GoBigEd

Friday, March 18, 2005


NEBRASKA OFFICIALS COOKIN’ THE GRADUATION BOOKS

Now, here’s a fine how do you do: Go Big Ed reported this week that high-school graduation rates for Nebraska’s African-American students and Latino students were 53% and 50%, respectively. That’s according to a national report on graduation rates by a Ph.D. researcher on
www.manhattan-institute.org/html/cr_baeo.htm

But 450 Nebraska educators were told Wednesday at the Annual Hispanic Education Summit co-sponsored by the State Education Department in Lincoln that the Latino dropout rate is actually 12.2 percent (Thursday’s World-Herald, p. 3B).

Since that’s only one-fourth as high as Go Big Ed reported, eyebrows were raised in skepticism in the palatial offices of Go Big Ed in the foothills of Mount Laundry, Neb.

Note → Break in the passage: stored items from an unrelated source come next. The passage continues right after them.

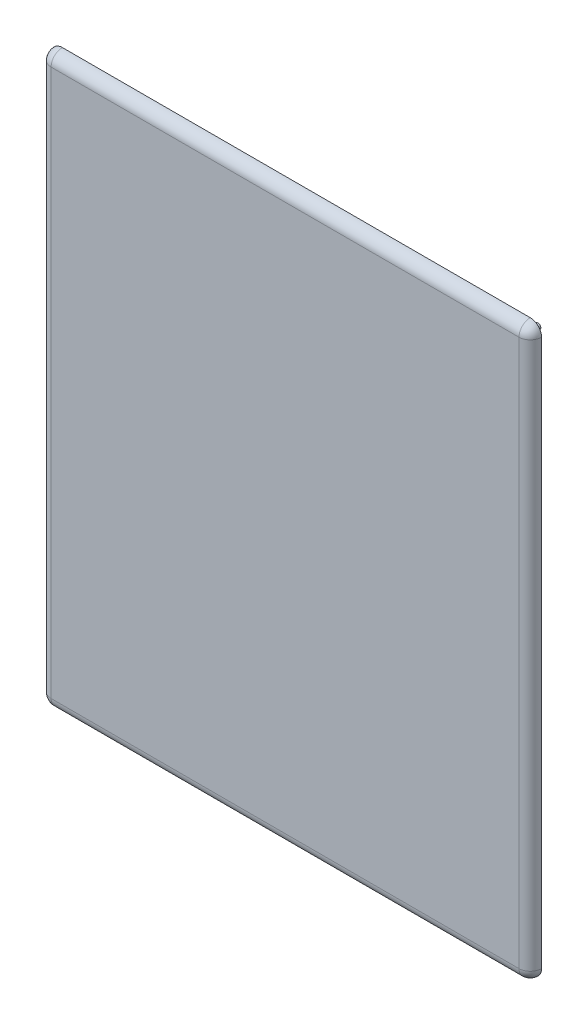
SolidWorks part; units mm, degrees
ref_plane "Front Plane" through (0, 0, 0) normal (0, 0, 1) x (1, 0, 0)
ref_plane "Top Plane" through (0, 0, 0) normal (0, 1, 0) x (1, 0, 0)
ref_plane "Right Plane" through (0, 0, 0) normal (1, 0, 0) x (0, 0, -1)
sketch "Sketch1" plane through (0, 0, 0) normal (0, 0, 1) x (1, 0, 0)
  line L1 (0, 0) -> (220.98, 0)
  line L2 (0, 0) -> (0, 256.54)
  line L3 (0, 256.54) -> (220.98, 256.54)
  line L4 (220.98, 0) -> (220.98, 256.54)
  dimension "D1" = 256.54
  dimension "D2" = 220.98
extrude "Boss-Extrude1" add sketch "Sketch1" along normal blind 5.08
fillet "Fillet1" radius 5.08 4 edges at (110.49, 0, 5.08) (220.98, 128.27, 5.08) (0, 128.27, 5.08) (110.49, 256.54, 5.08)
fillet "Fillet2" radius 5.08 4 edges at (1.4879, 1.4879, 3.5921) (219.4921, 1.4879, 3.5921) (219.4921, 255.0521, 3.5921) (1.4879, 255.0521, 3.5921)
sketch "Sketch2" plane through (0, 0, 0) normal (0, 0, -1) x (-1, 0, 0)
  line L0 (-110.49, 7.9375) -> (-110.49, 0) construction
  line L1 (-5.08, 0) -> (-215.9, 0) construction
  line L2 (-213.0425, 128.27) -> (-220.98, 128.27) construction
  line L3 (-220.98, 5.08) -> (-220.98, 251.46) construction
  line L4 (-7.9375, 128.27) -> (0, 128.27) construction
  line L5 (0, 251.46) -> (0, 5.08) construction
  line L10 (-110.49, 248.6025) -> (-110.49, 256.54) construction
  line L11 (-213.0425, 248.6025) -> (-7.9375, 248.6025) construction
  line L12 (-213.0425, 248.6025) -> (-213.0425, 7.9375) construction
  line L13 (-213.0425, 7.9375) -> (-7.9375, 7.9375) construction
  line L14 (-7.9375, 248.6025) -> (-7.9375, 7.9375) construction
  line L15 (-215.9, 256.54) -> (-5.08, 256.54) construction
  circle A0 centre (-213.0425, 248.6025) radius 1.27
  circle A1 centre (-7.9375, 248.6025) radius 1.27
  circle A2 centre (-213.0425, 7.9375) radius 1.27
  circle A3 centre (-7.9375, 7.9375) radius 1.27
  dimension "D3" = 2.54
  dimension "D1" = 7.9375
  dimension "D2" = 7.9375
extrude "Boss-Extrude2" add sketch "Sketch2" along normal blind 6.35
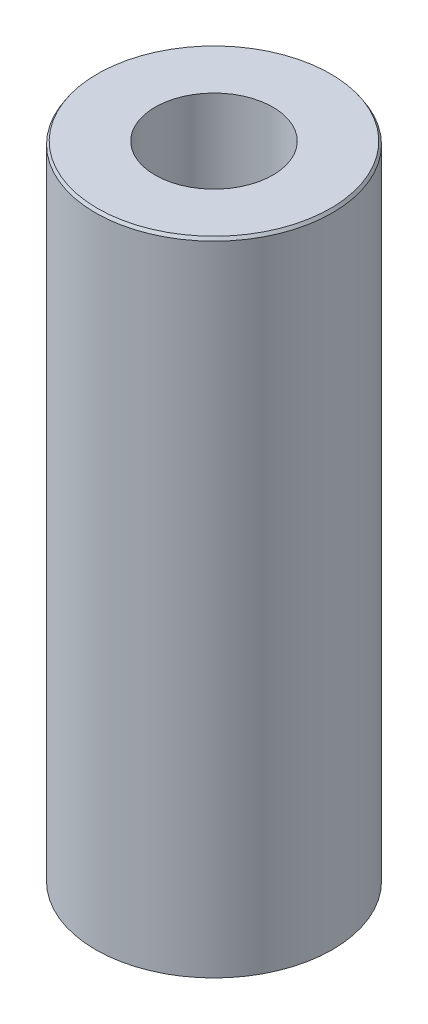
SolidWorks part; units mm, degrees
ref_plane "Front Plane" through (0, 0, 0) normal (0, 0, 1) x (1, 0, 0)
ref_plane "Top Plane" through (0, 0, 0) normal (0, 1, 0) x (1, 0, 0)
ref_plane "Right Plane" through (0, 0, 0) normal (1, 0, 0) x (0, 0, -1)
sketch "Sketch1" plane through (0, 0, 0) normal (0, 1, 0) x (1, 0, 0)
  circle A0 centre (0, 0) radius 50
  dimension "SHAFT_OD" = 100
extrude "Boss-Extrude1" add sketch "Sketch1" along normal blind 271.3834
sketch "Sketch2" plane through (0, 0, 0) normal (0, 1, 0) x (1, 0, 0)
  circle A0 centre (0, 0) radius 24.8639
  dimension "BORE_D" = 49.7277
extrude "Cut-Extrude1" cut sketch "Sketch2" along normal through all
chamfer "Chamfer1" distance 1.2393 angle 32.897 2 edges at (0, 271.3834, 50) (0, 0, 50) first distance on face at (0, 271.3834, 50) first distance on face at (0, 0, 24.8639)
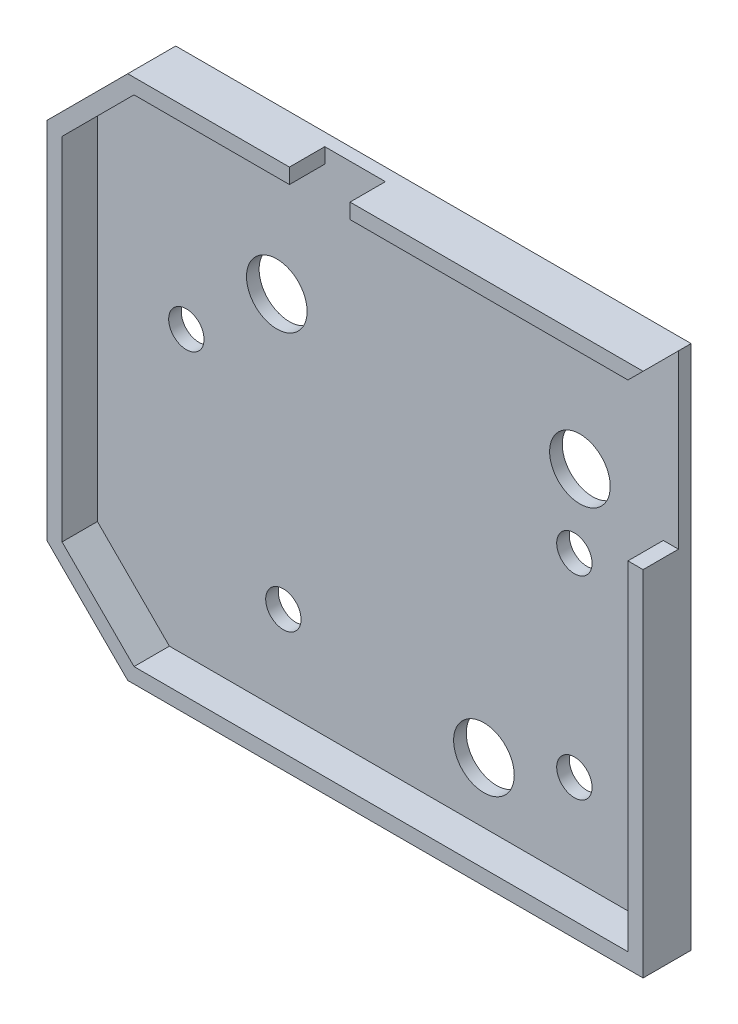
SolidWorks part; units mm, degrees
material "Delrin 2700 NC010, copolymère d'acétal à faible viscosité (SS)"
ref_plane "Plan de face" through (0, 0, 0) normal (0, 0, 1) x (1, 0, 0)
ref_plane "Plan de dessus" through (0, 0, 0) normal (0, 1, 0) x (1, 0, 0)
ref_plane "Plan de droite" through (0, 0, 0) normal (1, 0, 0) x (0, 0, -1)
sketch "Esquisse1" plane through (0, 0, 0) normal (0, 0, 1) x (1, 0, 0)
  line L0 (0, -85) -> (16, -101)
  line L4 (118, 3) -> (118, -101)
  line L5 (16, 3) -> (0, -13)
  line L7 (118, 3) -> (16, 3)
  line L8 (0, -13) -> (0, -85)
  line L9 (16, -101) -> (118, -101)
  dimension "D1" = 104
  dimension "D2" = 118
  dimension "D3" = 16
  dimension "D4" = 16
  dimension "D5" = 16
  dimension "D6" = 16
extrude "Boss.-Extru.1" add sketch "Esquisse1" along normal blind 2.5
sketch "Esquisse2" plane through (0, 0, 2.5) normal (0, 0, 1) x (1, 0, 0)
  line L0 (0, -13) -> (0, -85) construction
  line L1 (3, 0) -> (115, 0) construction
  line L2 (3, 0) -> (3, -98) construction
  line L3 (3, -98) -> (115, -98) construction
  line L4 (115, 0) -> (115, -98) construction
  line L5 (16, -101) -> (118, -101) construction
  line L6 (118, -101) -> (118, 3) construction
  line L7 (118, 3) -> (16, 3) construction
  line L8 (115, -31) -> (118, -31)
  line L9 (3, -83.7574) -> (17.2426, -98)
  line L10 (0, -85) -> (16, -101) construction
  line L11 (3, -14.2426) -> (17.2426, 0)
  line L12 (16, 3) -> (0, -13) construction
  line L14 (3, -14.2426) -> (3, -83.7574)
  line L15 (17.2426, -98) -> (115, -98)
  line L16 (118, 3) -> (118, -101) construction
  line L17 (118, -101) -> (16, -101)
  line L18 (16, -101) -> (0, -85)
  line L19 (0, -85) -> (0, -13)
  line L20 (0, -13) -> (16, 3)
  line L22 (115, 0) -> (118, 3)
  line L23 (115, -98) -> (115, -31)
  line L24 (118, -31) -> (118, -101)
  line L25 (48, 0) -> (48, 3)
  line L26 (60, 0) -> (60, 3)
  line L27 (17.2426, 0) -> (48, 0)
  line L28 (48, 3) -> (16, 3)
  line L29 (60, 3) -> (118, 3)
  line L30 (115, 0) -> (60, 0)
  point P33 (48, 0)
  point P34 (60, 0)
  dimension "D1" = 3
  dimension "D2" = 3
  dimension "D3" = 3
  dimension "D4" = 3
  dimension "D5" = 3
  dimension "D6" = 3
  dimension "D7" = 70
  dimension "D8" = 45
  dimension "D9" = 12
extrude "Boss.-Extru.2" add sketch "Esquisse2" along normal blind 7
sketch "Esquisse3" plane through (0, 0, 2.5) normal (0, 0, 1) x (1, 0, 0)
  line L0 (115, -31) -> (115, -98) construction
  line L2 (3, -83.7574) -> (3, -14.2426) construction
  line L3 (115, -31) -> (115, -98) construction
  line L4 (115, -98) -> (17.2426, -98) construction
  line L5 (60, 3) -> (48, 3) construction
  circle A0 centre (98.5, -27) radius 6
  circle A1 centre (38.5, -27) radius 6
  circle A2 centre (79.5, -86) radius 6
  circle A3 centre (97.4, -42) radius 3.5
  circle A4 centre (20.6, -42) radius 3.5
  circle A5 centre (39.8, -80.4) radius 3.5
  circle A6 centre (97.4, -80.4) radius 3.5
  dimension "D1" = 16.5
  dimension "D2" = 30
  dimension "D3" = 30
  dimension "D4" = 35.5
  dimension "D5" = 35.5
  dimension "D6" = 12
  dimension "D8" = 17.6
  dimension "D9" = 76.8
  dimension "D10" = 57.6
  dimension "D11" = 17.6
  dimension "D13" = 38.4
extrude "Enlèv. mat.-Extru.1" cut sketch "Esquisse3" against normal blind 10
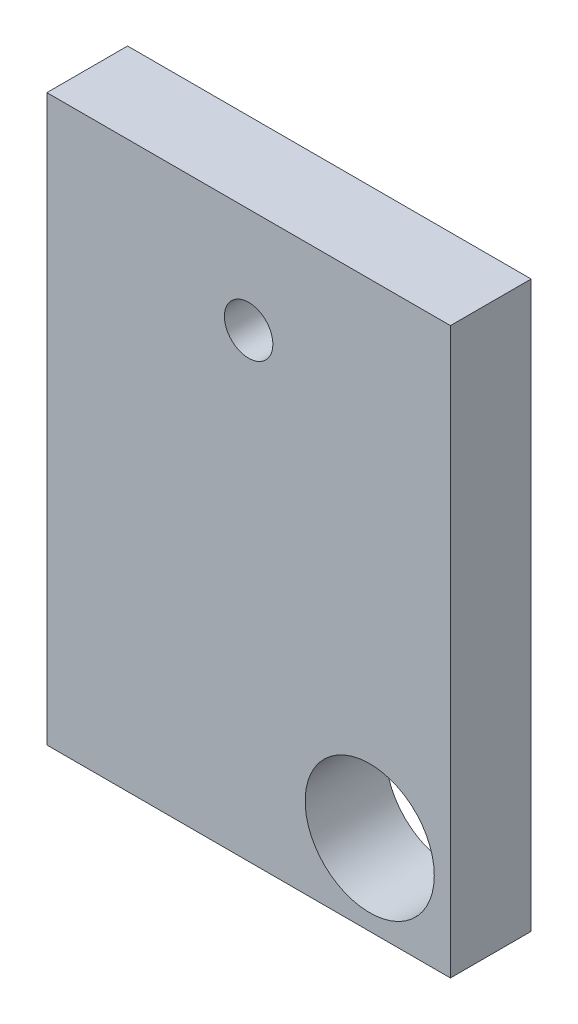
SolidWorks part; units mm, degrees
ref_plane "Front Plane" through (0, 0, 0) normal (0, 0, 1) x (1, 0, 0)
ref_plane "Top Plane" through (0, 0, 0) normal (0, 1, 0) x (1, 0, 0)
ref_plane "Right Plane" through (0, 0, 0) normal (1, 0, 0) x (0, 0, -1)
sketch "Sketch2" plane through (0, 0, 0) normal (0, 0, 1) x (1, 0, 0)
  line L1 (-12.5, -17.5) -> (12.5, -17.5)
  line L2 (-12.5, -17.5) -> (-12.5, 17.5)
  line L3 (-12.5, 17.5) -> (12.5, 17.5)
  line L4 (12.5, -17.5) -> (12.5, 17.5)
  line L5 (-12.5, -17.5) -> (12.5, 17.5) construction
  line L6 (-12.5, 17.5) -> (12.5, -17.5) construction
  point P0 (0, 0)
  dimension "D1" = 25
  dimension "D2" = 35
extrude "Boss-Extrude1" add sketch "Sketch2" along normal blind 5
sketch "Sketch4" plane through (0, 0, 5) normal (0, 0, 1) x (1, 0, 0)
  line L0 (0, -17.5) -> (0, -7.5) construction
  line L1 (-12.5, -17.5) -> (12.5, -17.5) construction
  line L2 (0, -7.5) -> (0, 11) construction
  circle A0 centre (0, 11) radius 1.5
  dimension "D3" = 3
  dimension "D1" = 10
  dimension "D2" = 18.5
extrude "Cut-Extrude1" cut sketch "Sketch4" against normal through all
sketch "Sketch6" plane through (0, 0, 5) normal (0, 0, 1) x (1, 0, 0)
  line L0 (12.5, -17.5) -> (12.5, -7.5) construction
  line L2 (12.5, -17.5) -> (12.5, 17.5) construction
  line L3 (12.5, -12.5) -> (7.5, -12.5) construction
  circle A0 centre (7.5, -12.5) radius 4
  dimension "D2" = 8
  dimension "D1" = 10
  dimension "5" = 5
extrude "Cut-Extrude2" cut sketch "Sketch6" against normal through all
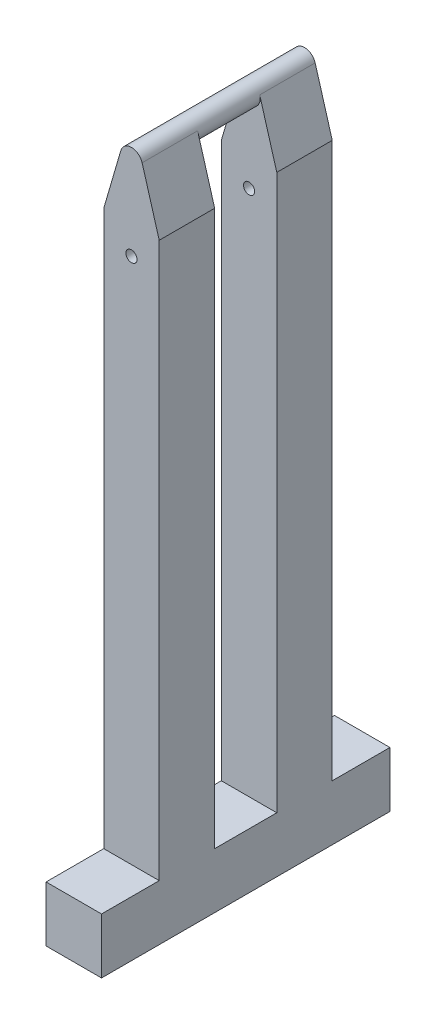
SolidWorks part; units mm, degrees
ref_plane "Front Plane" through (0, 0, 0) normal (0, 0, 1) x (1, 0, 0)
ref_plane "Top Plane" through (0, 0, 0) normal (0, 1, 0) x (1, 0, 0)
ref_plane "Right Plane" through (0, 0, 0) normal (1, 0, 0) x (0, 0, -1)
sketch "Sketch1" plane through (0, 0, 0) normal (0, 1, 0) x (1, 0, 0)
  line L0 (-1000, 0) -> (49000, 0) construction
  line L1 (-12.5, 39) -> (12.5, 39)
  line L2 (-12.5, 39) -> (-12.5, 14)
  line L3 (-12.5, 14) -> (12.5, 14)
  line L4 (12.5, 39) -> (12.5, 14)
  line L5 (-12.5, 39) -> (12.5, 14) construction
  line L6 (-12.5, 14) -> (12.5, 39) construction
  line L7 (-12.5, -14) -> (12.5, -39) construction
  line L8 (-12.5, -39) -> (12.5, -14) construction
  line L9 (12.5, -39) -> (12.5, -14)
  line L10 (-12.5, -14) -> (12.5, -14)
  line L11 (-12.5, -39) -> (-12.5, -14)
  line L12 (-12.5, -39) -> (12.5, -39)
  point P0 (0, 26.5)
  point P12 (0, -26.5)
  dimension "D1" = 25
  dimension "D2" = 25
  dimension "D3" = 14
extrude "Boss-Extrude1" add sketch "Sketch1" along normal blind 250
sketch "Sketch2" plane through (0, 0, 39) normal (0, 0, 1) x (1, 0, 0)
  line L0 (-12.5, 250) -> (12.5, 250) construction
  line L1 (-12.5, 225) -> (12.5, 225) construction
  line L2 (-12.5, 225) -> (-12.5, 250) construction
  line L3 (-12.5, 250) -> (12.5, 250) construction
  line L4 (12.5, 225) -> (12.5, 250) construction
  line L5 (-12.5, 225) -> (12.5, 250) construction
  line L6 (-12.5, 250) -> (12.5, 225) construction
  line L7 (12.5, 250) -> (12.5, 0) construction
  line L8 (-12.5, 250) -> (-12.5, 0) construction
  circle A0 centre (0, 237.5) radius 2.5
  point P0 (0, 237.5)
  dimension "D2" = 5
  dimension "D1" = 25
extrude "Cut-Extrude1" cut sketch "Sketch2" against normal through all
sketch "Sketch3" plane through (0, 0, 39) normal (0, 0, 1) x (1, 0, 0)
  line L0 (-12.5, 250) -> (-4.8, 276.4)
  line L1 (4.8, 276.4) -> (12.5, 250)
  line L2 (-12.5, 250) -> (12.5, 250) construction
  line L3 (-12.5, 250) -> (12.5, 250)
  arc A0 (4.8, 276.4) -> (-4.8, 276.4) centre (0, 275) ccw
  dimension "D1" = 10
  dimension "D2" = 25
extrude "Boss-Extrude2" add sketch "Sketch3" against normal up to surface (78 mm away) up to face at (2.5, 237.5, -39)
sketch "Sketch4" plane through (0, 250, 0) normal (0, -1, 0) x (1, 0, 0)
  line L1 (-12.5, 14) -> (12.5, 14)
  line L2 (-12.5, 14) -> (-12.5, -14)
  line L3 (-12.5, -14) -> (12.5, -14)
  line L4 (12.5, 14) -> (12.5, -14)
extrude "Cut-Extrude2" cut sketch "Sketch4" against normal through all
sketch "Sketch5" plane through (0, 0, -39) normal (0, 0, -1) x (-1, 0, 0)
  circle A1 centre (0, 275) radius 5
  dimension "D1" = 10
extrude "Boss-Extrude3" add sketch "Sketch5" against normal up to surface (78 mm away) up to face at (0, 176.0667, 39)
sketch "Sketch6" plane through (0, 0, 0) normal (0, -1, 0) x (1, 0, 0)
  line L1 (-12.5, -65) -> (12.5, -65)
  line L2 (-12.5, -65) -> (-12.5, 65)
  line L3 (-12.5, 65) -> (12.5, 65)
  line L4 (12.5, -65) -> (12.5, 65)
  line L5 (-12.5, -65) -> (12.5, 65) construction
  line L6 (-12.5, 65) -> (12.5, -65) construction
  point P0 (0, 0)
  dimension "D1" = 25
  dimension "D2" = 130
extrude "Boss-Extrude4" add sketch "Sketch6" along normal blind 25

So I went back to my source, and found out through a Wall Street Journal article posted with the national study that there are lots of ways to come up with a “dropout rate,” and educators always, always take the way that makes them look as dandy-fine as possible.

They’re cooking the books on all four burners with a turbocharge, in other words.

The claim that the Latino dropout rate is 12.2 percent is apparently an annual figure, not a cumulative one, then. It was from a report by Omaha sociologists Lourdes Gouveia and Mary Ann Powell. Nebraska Education Commissioner Doug Christensen attended the meeting, and there was no record that he corrected the outrageous 400% understatement. I mean, if you dropped out in ninth grade, you still dropped out when your classmates are graduating. But Nebraska doesn’t count you that way. It sweeps you under the rug.

Neither did he correct another understatement from the report, that the dropout rate for whites in Nebraska is 2.9 percent. According to the national study, it’s 10 percent.

How can this be? Well, lots of ways: according to the Dec. 18, 2001, Wall Street Journal article, educators almost never report the cumulative dropout rate. They just report how many kids dropped out that year. Since kids start dropping out as early as seventh grade, the lack of a cumulative, chronological figure is highly deceptive.

Also, educators always want to include kids who dropped out of school but eventually received their General Equivalency Diploma, or GED, in the “graduation rate.” However, that’s not fair, since what we’re measuring is how successful school systems were in accomplishing their basic mission, K-12.

If the student never got a diploma from that school, he or she shouldn’t be included in the graduation count. GED students have just about the same career and personal problems as dropouts, anyway.

The national study, by Dr. Jay P. Greene, was careful to exclude GEDs, and went back to 1993 figures to collect eighth-grade head counts reported by schools to the U.S. Department of Education. Then he compared those figures with diplomas awarded in 1998 to come up with his data.

Significantly, U.S. Department of Education officials do not dispute Greene’s data. So the 50% figure for Nebraska is much closer to the bruising reality for Hispanic citizens than the number bandied about by state officials.

Now, it is true that schools do not have good recordkeeping systems and often do not know whether a particular student has moved or has actually dropped out. With the extra mobile Hispanic population, that could indeed be a factor. But Greene’s methodology was sophisticated and deemed accurate. If he can find out, there’s no reason professional sociologists and high-paid state officials can’t.

In the Wall Street Journal article, Greene was quoted as saying that schools commonly “cook” their statistics to make themselves look good. For instance, there was a ballot issue pending in Michigan that would have allowed school-choice vouchers in any district that failed to graduate at least two-thirds of its students.

Miraculously, the graduation rate in Detroit went up from 30% to 68% in one year.

Now, THAT’S a fine how do you do!

Why should we care if Nebraska officials are operating under false data and giving the public false perceptions about the real problem with certain student groups?

Here’s why: according to the Journal article, high-school dropouts earned only about half as much as high-school graduates in 1999, and were much more likely to go on welfare, land in prison, or become single parents.

If that’s not “fine” with you, then give your state and local education officials a “how do you do,” and demand accuracy in public information so that we all can make wiser decisions on policy issues that mean so much to people’s lives and the future of our state.